Thanks for that. Unfortunately, my alarm volume is maxed out. I hear my alarm in the morning and Uber pings are very loud.

I tried switching from Vibrate mode to normal Ring mode and my next Lyft ping was loud. But, staying in this mode, the next ping had no sound


----------



## R.Duck (Feb 26, 2018)

Rob-DE said:


> I no longer receive audio alert when I have an incoming ride request. The request will popup on the screen but if I'm not looking at the screen, I won't know I have the request and I'll miss it. I've tried reinstalling the app, verifying it has access to audio, turning the volume up for all media... but it's just not working.
> 
> FYI - once accepting ride the NAV starts and the voice on the NAV works fine, so I know audio IS working.
> 
> ...


Same problem here. Support told me it was a "known issue" and they're working on it.


----------



## GlenGreezy (Sep 21, 2015)

Turn off Bluetooth. I have the same problem on my iPhone when it is connected to Bluetooth audio notification goes away


----------



## R.Duck (Feb 26, 2018)

R.Duck said:


> Same problem here. Support told me it was a "known issue" and they're working on it.

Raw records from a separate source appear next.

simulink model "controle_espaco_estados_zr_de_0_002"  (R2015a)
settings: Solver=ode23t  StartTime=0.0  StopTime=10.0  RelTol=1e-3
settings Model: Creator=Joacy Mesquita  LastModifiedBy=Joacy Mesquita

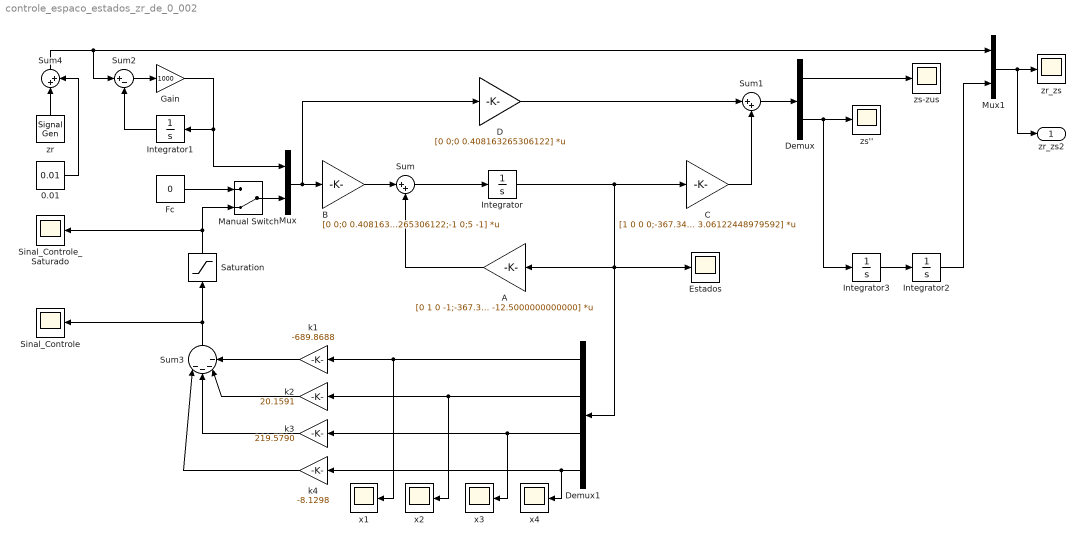
== system controle_espaco_estados_zr_de_0_002 ==
  0.01 : Constant  Value=0.01
  A : Gain  Gain=[0 1 0 -1;-367.346938775510 -3.06122448979592 0 3.06122448979592;0 0 0 1;900 7.50000000000000 -1250 -12.5000000000000]  Multiplication=Matrix(K*u)
  B : Gain  Gain=[0 0;0 0.408163265306122;-1 0;5 -1]  Multiplication=Matrix(K*u)
  C : Gain  Gain=[1 0 0 0;-367.346938775510 -3.06122448979592 0 3.06122448979592]  Multiplication=Matrix(K*u)
  D : Gain  Gain=[0 0;0 0.408163265306122]  Multiplication=Matrix(K*u)
  Demux : Demux  Outputs=2
  Demux1 : Demux
  Estados : Scope
  Fc : Constant  Value=0
  Gain : Gain  Gain=1000
  Integrator{,1..3} (4 alike) : Integrator
  Manual Switch : ManualSwitch  CurrentSetting=0
  Mux : Mux  Inputs=2
  Mux1 : Mux  Inputs=2
  Saturation : Saturate  UpperLimit=30  LowerLimit=-30
  Sinal_Controle : Scope
      settings: SaveName=ScopeData7
  Sinal_Controle_Saturado : Scope
      settings: SaveName=ScopeData8
  Sum : Sum  Inputs=|++
  Sum1 : Sum  Inputs=|++
  Sum2 : Sum  Inputs=|+-
  Sum3 : Sum  Inputs=|----
  Sum4 : Sum  Inputs=|++
  k1 : Gain  Gain=-689.8688
  k2 : Gain  Gain=20.1591
  k3 : Gain  Gain=219.5790
  k4 : Gain  Gain=-8.1298
  x{1..4} (4 alike) : Scope
      x1 settings: SaveName=ScopeData2
      x2 settings: SaveName=ScopeData3
      x3 settings: SaveName=ScopeData4
      x4 settings: SaveName=ScopeData5
  zr : SignalGenerator  WaveForm=square  Amplitude=-0.01  Frequency=0.3
  zr_zs : Scope
      settings: SaveName=ScopeData6
  zs'' : Scope
      settings: SaveName=ScopeData10
  zs-zus : Scope
      settings: SaveName=ScopeData9
  zr_zs2 : Outport
  wires:
  Mux/1 -> B/1, D/1
  B/1 -> Sum/1
  Sum/1 -> Integrator/1
  Integrator/1 -> C/1, Estados/1, Demux1/1, A/1
  D/1 -> Sum1/1
  C/1 -> Sum1/2
  Sum4/1 -> Sum2/1, Mux1/1
  Gain/1 -> Mux/1, Integrator1/1
  Sum2/1 -> Gain/1
  Integrator1/1 -> Sum2/2
  Sum1/1 -> Demux/1
  Demux1/1 -> x1/1, k1/1
  Demux1/2 -> x2/1, k2/1
  Demux1/3 -> x3/1, k3/1
  Integrator3/1 -> Integrator2/1
  Demux/2 -> Integrator3/1, zs''/1
  Integrator2/1 -> Mux1/2
  Mux1/1 -> zr_zs2/1, zr_zs/1
  Demux/1 -> zs-zus/1
  Manual Switch/1 -> Mux/2
  Fc/1 -> Manual Switch/1
  k1/1 -> Sum3/4
  k2/1 -> Sum3/3
  k3/1 -> Sum3/2
  Sum3/1 -> Saturation/1, Sinal_Controle/1
  A/1 -> Sum/2
  Demux1/4 -> x4/1, k4/1
  Saturation/1 -> Sinal_Controle_Saturado/1, Manual Switch/2
  k4/1 -> Sum3/1
  zr/1 -> Sum4/1
  0.01/1 -> Sum4/2
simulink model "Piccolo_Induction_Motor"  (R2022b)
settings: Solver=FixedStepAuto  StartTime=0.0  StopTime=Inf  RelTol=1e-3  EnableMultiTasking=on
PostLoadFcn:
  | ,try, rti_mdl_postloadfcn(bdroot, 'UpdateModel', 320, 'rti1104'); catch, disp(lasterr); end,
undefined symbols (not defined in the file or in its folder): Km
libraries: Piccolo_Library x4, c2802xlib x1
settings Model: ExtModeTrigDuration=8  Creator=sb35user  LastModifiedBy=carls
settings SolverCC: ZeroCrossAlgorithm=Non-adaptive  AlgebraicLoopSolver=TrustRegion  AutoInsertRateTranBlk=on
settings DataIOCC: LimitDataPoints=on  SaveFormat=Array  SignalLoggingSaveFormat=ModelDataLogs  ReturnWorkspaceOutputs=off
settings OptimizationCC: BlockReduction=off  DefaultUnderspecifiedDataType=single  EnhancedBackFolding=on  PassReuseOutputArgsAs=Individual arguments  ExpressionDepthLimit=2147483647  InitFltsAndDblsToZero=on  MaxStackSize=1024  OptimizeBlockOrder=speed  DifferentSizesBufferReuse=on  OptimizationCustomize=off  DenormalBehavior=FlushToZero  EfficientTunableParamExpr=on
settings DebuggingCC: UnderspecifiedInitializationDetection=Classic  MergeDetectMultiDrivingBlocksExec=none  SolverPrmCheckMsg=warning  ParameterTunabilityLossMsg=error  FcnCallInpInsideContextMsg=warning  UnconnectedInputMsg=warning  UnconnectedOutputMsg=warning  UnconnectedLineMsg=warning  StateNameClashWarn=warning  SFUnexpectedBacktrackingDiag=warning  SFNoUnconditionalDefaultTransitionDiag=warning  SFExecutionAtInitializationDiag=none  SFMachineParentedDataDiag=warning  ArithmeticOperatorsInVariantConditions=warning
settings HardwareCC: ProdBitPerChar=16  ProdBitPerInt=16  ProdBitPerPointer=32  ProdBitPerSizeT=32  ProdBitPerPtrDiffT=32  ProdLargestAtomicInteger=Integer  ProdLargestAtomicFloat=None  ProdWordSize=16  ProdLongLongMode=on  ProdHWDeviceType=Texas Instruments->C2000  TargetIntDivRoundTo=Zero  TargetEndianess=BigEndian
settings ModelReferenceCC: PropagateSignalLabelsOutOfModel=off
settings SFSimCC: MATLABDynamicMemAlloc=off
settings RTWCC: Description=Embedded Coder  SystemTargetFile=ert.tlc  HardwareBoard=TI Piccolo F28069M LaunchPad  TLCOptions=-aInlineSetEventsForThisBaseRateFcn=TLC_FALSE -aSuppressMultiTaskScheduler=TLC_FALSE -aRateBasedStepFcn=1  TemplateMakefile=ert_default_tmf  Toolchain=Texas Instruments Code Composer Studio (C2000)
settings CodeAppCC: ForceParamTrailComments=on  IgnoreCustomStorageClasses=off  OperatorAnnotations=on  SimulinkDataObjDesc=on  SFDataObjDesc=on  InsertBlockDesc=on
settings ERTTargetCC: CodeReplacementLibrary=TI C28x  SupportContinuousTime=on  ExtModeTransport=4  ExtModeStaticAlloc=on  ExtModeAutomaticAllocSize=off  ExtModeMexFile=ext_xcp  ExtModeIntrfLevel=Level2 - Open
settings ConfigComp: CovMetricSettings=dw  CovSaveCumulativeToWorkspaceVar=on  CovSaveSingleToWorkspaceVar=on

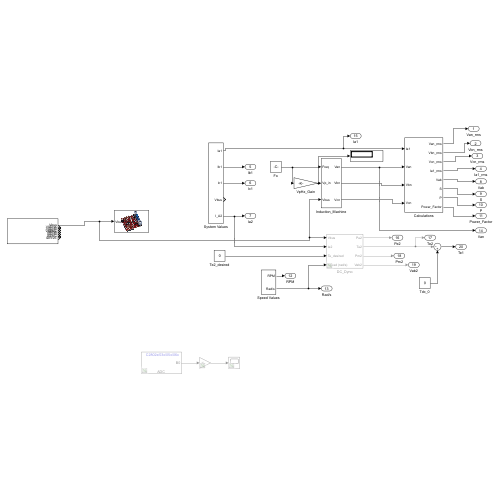
[thumbnail: Simulink's stored preview of the top-level diagram]
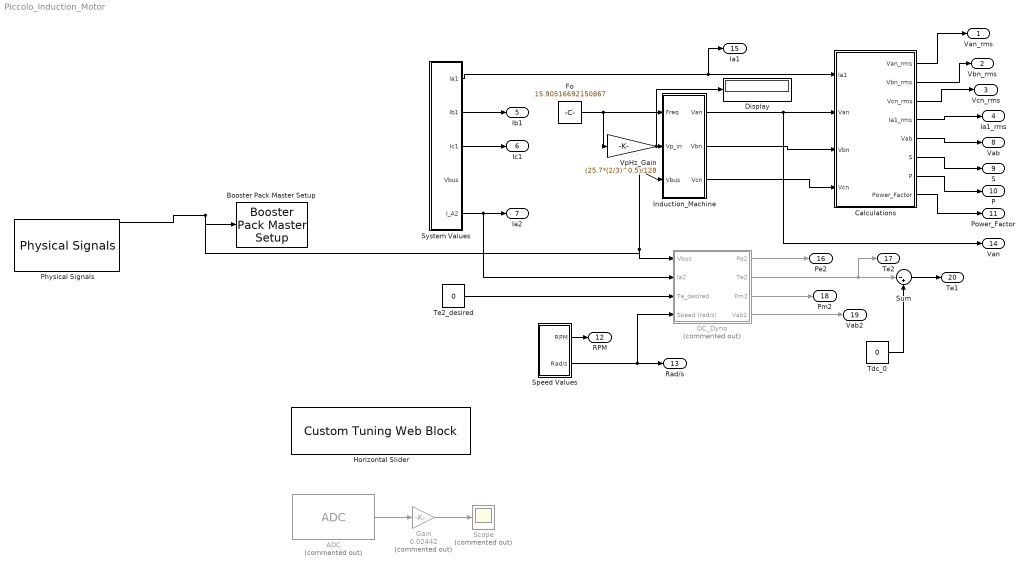
== system Piccolo_Induction_Motor ==
  ADC : c2802xlib/ADC  Commented=on  blkParamProc=C2000  ADCModule=1  samplingMode=Single sample mode  ADCResolution=12-bit (Single-ended input)  useSOC1=SOC0  useSOC2=SOC0_SOC1  SOCAcquisitionWindow=8  SOCTriggerSource=Software  SOCInterruptTrigger=No ADCINT  Ts=50e-6  dType=uint16  postInterrupt=off  interruptSel=ADCINT1  ADCINTContinuous=off  endma=off  chdma=1  conv1=ADCINB0  conv2=ADCINA0 and ADCINB0  conv1_Type4=ADCIN0  conv2_Type4=ADCIN0 and ADCIN1
      settings: LibrarySourceBlock=c2806xlib/ADC
  Booster Pack Master Setup : Piccolo_Library/Booster Pack Master Setup  SystemSampleTime=-1  VariantActivationTime=update diagram  Latency=0  AutoFrameSizeCalculation=off
      settings: SourceProductName=Piccolo Motor Control
  Calculations : Subsystem
  DC_Dyno : Subsystem  Commented=on
  Display : Display
  Fo : Constant  Value=15.90516692150867
  Gain : Gain  Commented=on  Gain=0.02442
  Horizontal Slider : CustomTuningWebBlock  LabelPosition=Hide  ShowInitialText=on  Configuration="{\"components\":[{\"name\":\"LinearScaleComponent\",\"settings\":{\"bounds\":{\"max\":60,\"min\":10,\"tickInterval\":\"auto\"},\"internalTickHeightScaleFactor\":0.5,\"labelColor\":[255,255,200],\"labelFont\":{\"font\":\"Arial\",\"fontSize\":12},\"labelOffset\":0.05,\"labelTransparency\":1,\"needleImage\":{\"size\":[596,842],\"src\":\"data:image\\/svg+xml;base64,PD94bWwgdmVyc2lvbj0iMS4wIiBlbmNvZGluZz0idXRmLTgiPz4NCjwhLS0gR2VuZXJhdG9yOiBBZG9iZSBJbGx1c3RyYXRvciAyNS4wLjAsIFNWRyBFeHBvcnQgUGx1Zy1JbiAuIFNWRyBWZXJzaW9uOiA2LjAwIEJ1aWxkIDApICAtLT4NCjxzdmcgdmVyc2lvbj0iMS4xIg0KCSBpZD0ic3ZnOCIgeG1sbnM6Y2M9Imh0dHA6Ly9jcmVhdGl2ZWNvbW1vbnMub3JnL25zIyIgeG1sbnM6ZGM9Imh0dHA6Ly9wdXJsLm9yZy9kYy9lbGVtZW50cy8xLjEvIiB4bWxuczppbmtzY2FwZT0iaHR0cDovL3d3dy5pbmtzY2FwZS5vcmcvbmFtZXNw ...(+2420 chars)\",\"srcOrientation\":\"Right\"},\"needleOffset\":[-0.8044596912521441,-0.0642123287671233],\"needleSize\":{\"height\":0.4337797619047619,\"width\":0.07668067226890757},\"position\":[0.2829861111111111,0.04398634453781513,0.9196428571428571,0.6088789682539683],\"referencePoint\":\"auto\",\"scaleColors\":[],\"scaleColorsSize\":0.2,\"scaleDirection\":\"LR\",\"showLabels\":1,\"showMinorTicks\":0,\"showSpanLine\":1,\"showTicks\":1,\"tickColor\":[252,252,197],\"tickTransparency\":1,\"valueBarColor\":[0,114,189],\"valueBarOffset\":-0.27,\"valueBarSize\":0.1,\"valueBarTransparency\":1}},{\"name\":\"BackgroundImageComponent\",\"settings\":{\"image\":{\"size\":[380,101],\"src\":\"data:image\\/svg+xml;base64,PHN2ZyB4bWxucz0iaHR0cDovL3d3dy53My5vcmcvMjAwMC9zdmciIHhtbG5zOnhsaW5rPSJodHRwOi8vd3d3LnczLm9yZy8xOTk5L3hsaW5rIiB2aWV3Qm94PSIwIDAgMzgwIDEwMSI+PGRlZnM+PHN0eWxlPi5jbHMtMXtmaWxsOiMwMDJiNDI7fS5jbHMtMntmaWxsOiM0MjcwODI7fS5jbHMtM3tmaWxsOnVybCgjcmFkaWFsLWdyYWRpZW50KTt9LmNscy00e2ZpbGw6I2M4YzhjODtzdHJva2U6IzAwMDt9PC9zdHlsZT48cmFkaWFsR3JhZGllbnQgaWQ9InJhZGlhbC1ncmFkaWVudCIgY3g9IjE5MCIgY3k9IjUwLjUiIHI9IjI2OS4yMSIgZ3JhZGllbnRVbml0cz0idXNlclNwYWNlT25Vc2UiPjxzdG9wIG9mZnNldD0iMC4wMSIgc3RvcC1jb2xvcj0iIzNlNGY1OCIvPjxzdG9wIG9mZnNldD0iMC4wNiIgc3RvcC1jb2xvcj0iIzQ0NTc2MSIvPjxzdG9wIG9mZnNldD0iMC4xNSIgc3RvcC1jb2xvcj0iIzU1NmE3NiIvPjxzdG9wIG9mZnNldD0iMC4yNSIgc3RvcC1jb2xvcj0iIzZkODg5NSIvPjxzdG9wIG9mZnNldD0iMC4zOCIgc3RvcC1jb2xvcj0iIzhmYjJjMyIvPjxzdG9wIG9mZnNldD0iMC41MiIgc3RvcC1jb2xvcj0iI2I2ZTRmYSIvPjxzdG9wIG9mZnNldD0iMSIgc3RvcC1jb2xvcj0iIzE1NDY1NyIvPjwvcmFkaWFsR3JhZGllbnQ+PC9kZWZzPjxnIGlkPSJmcmFtZSI+PGcgaWQ9IkxheWVyXzIiIGRhdGEtbmFtZT0iTGF5ZXIgMiI+PGcgaWQ9IkxheWVyXzEtMiIgZGF0YS1uYW1lPSJMYXllciAxLTIiPjxyZWN0IGlkPSJyZWN0MTAzNiIgY2xhc3M9ImNscy0xIiB4PSIxMSIgeT0iMTEiIHdpZHRoPSIzNTgiIGhlaWdodD0iNzkiLz48cGF0aCBpZD0icGF0aDEwMzgiIGNsYXNzPSJjbHMtMiIgZD0iTTgsOFY5M0gzNzJWOFpNMzY5LDkwSDExVjExSDM2OVoiLz48cGF0aCBpZD0icGF0aDEwNDAiIGNsYXNzPSJjbHMtMyIgZD0iTTAsMFYxMDFIMzgwVjBaTTM3Miw5M0g4VjhIMzcyWiIvPjwvZz48L2c+PC9nPjxnIGlkPSJ0cmFjayI+PHBhdGggaWQ9InJlY3QxNjExIiBjbGFzcz0iY2xzLTQiIGQ9Ik0zMy4zNywyNi41OUgzNDYuNjNjNCwwLDcuMjUsMi42LDcuMjUsNS44MWgwYzAsMy4yMS0zLjI1LDUuODItNy4yNSw1LjgySDMzLjM3Yy00LDAtNy4yNS0yLjYxLTcuMjUtNS44MmgwQzI2LjEyLDI5LjE5LDI5LjM3LDI2LjU5LDMzLjM3LDI2LjU5WiIvPjwvZz48L3N2Zz4=\",\"srcOrientation\":\"horizontal\"},\"position\":[0,0,1,1],\"scaleMode\":\"0\"}},{\"name\":\"ForegroundImageComponent\",\"settings\":{\"image\":{\"size\":[0,0],\"src\":\"default\",\"srcOrientation\":[]},\"isForeground\":1,\"position\":[0,0,1,1],\"scaleMode\":\"0\"}}],\"settings\":{\"BindingType\":\"param\",\"aspectRatio\":3.7777777777777777,\"backgroundColor\":[0,0,0,\"1\"],\"backgroundOffset\":0,\"backgroundOpacity\":1,\"fixedAspectRatio\":\"on\",\"foregroundColor\":[252,252,196],\"orientation\":\"horizontal\",\"showBackgroundColor\":false,\"value\":0,\"version\":\"R2022b\"},\"type\":\"LinearGauge\"}"
  Induction_Machine : Subsystem
  Physical Signals : Piccolo_Library/Physical Signals  Pack=1
      settings: SourceProductName=Piccolo Motor Control
  Scope : Scope  Commented=on
  Speed Values : Subsystem
  Sum : Sum  Inputs=|-+
  System Values : Subsystem
  Tdc_0 : Constant  Value=0
  Te2_desired : Constant  Value=0
  VpHz_Gain : Gain  Gain=(25.7*(2/3)^0.5)/128
  Van_rms : Outport
  Vbn_rms : Outport  Port=2
  Vcn_rms : Outport  Port=3
  Ia1_rms : Outport  Port=4
  Ib1 : Outport  Port=5
  Ic1 : Outport  Port=6
  Ia2 : Outport  Port=7
  Vab : Outport  Port=8
  S : Outport  Port=9
  P : Outport  Port=10
  Power_Factor : Outport  Port=11
  RPM : Outport  Port=12
  Rad/s : Outport  Port=13
  Van : Outport  Port=14
  Ia1 : Outport  Port=15
  Pe2 : Outport  Port=16
  Te2 : Outport  Port=17
  Pm2 : Outport  Port=18
  Vab2 : Outport  Port=19
  Te1 : Outport  Port=20
  wires:
  System Values/2(Ib1) -> Ib1/1
  System Values/3(Ic1) -> Ic1/1
  Fo/1 -> Induction_Machine/1(Freq), VpHz_Gain/1
  System Values/5(I_A2) -> Ia2/1, DC_Dyno/2(Ia2)
  Induction_Machine/3(Vcn) -> Calculations/4(Vcn)
  System Values/1(Ia1) -> Calculations/1(Ia1), Ia1/1
  Induction_Machine/1(Van) -> Calculations/2(Van), Van/1
  Induction_Machine/2(Vbn) -> Calculations/3(Vbn)
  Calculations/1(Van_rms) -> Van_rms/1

Issue resolved in latest update.


----------



## MissAnne (Aug 9, 2017)

I get ping notifications but no voice on navigation


----------



## Ajaywill (Jul 4, 2017)

I had noticed this also recently. No audio ping on Lyft requests. I tried all of the same things you did...delete and re-install app, check all of my volume settings including the alarms, etc. Nothing worked. This last weekend, it started working again, so I think an app update fixed it, as was mentioned.


----------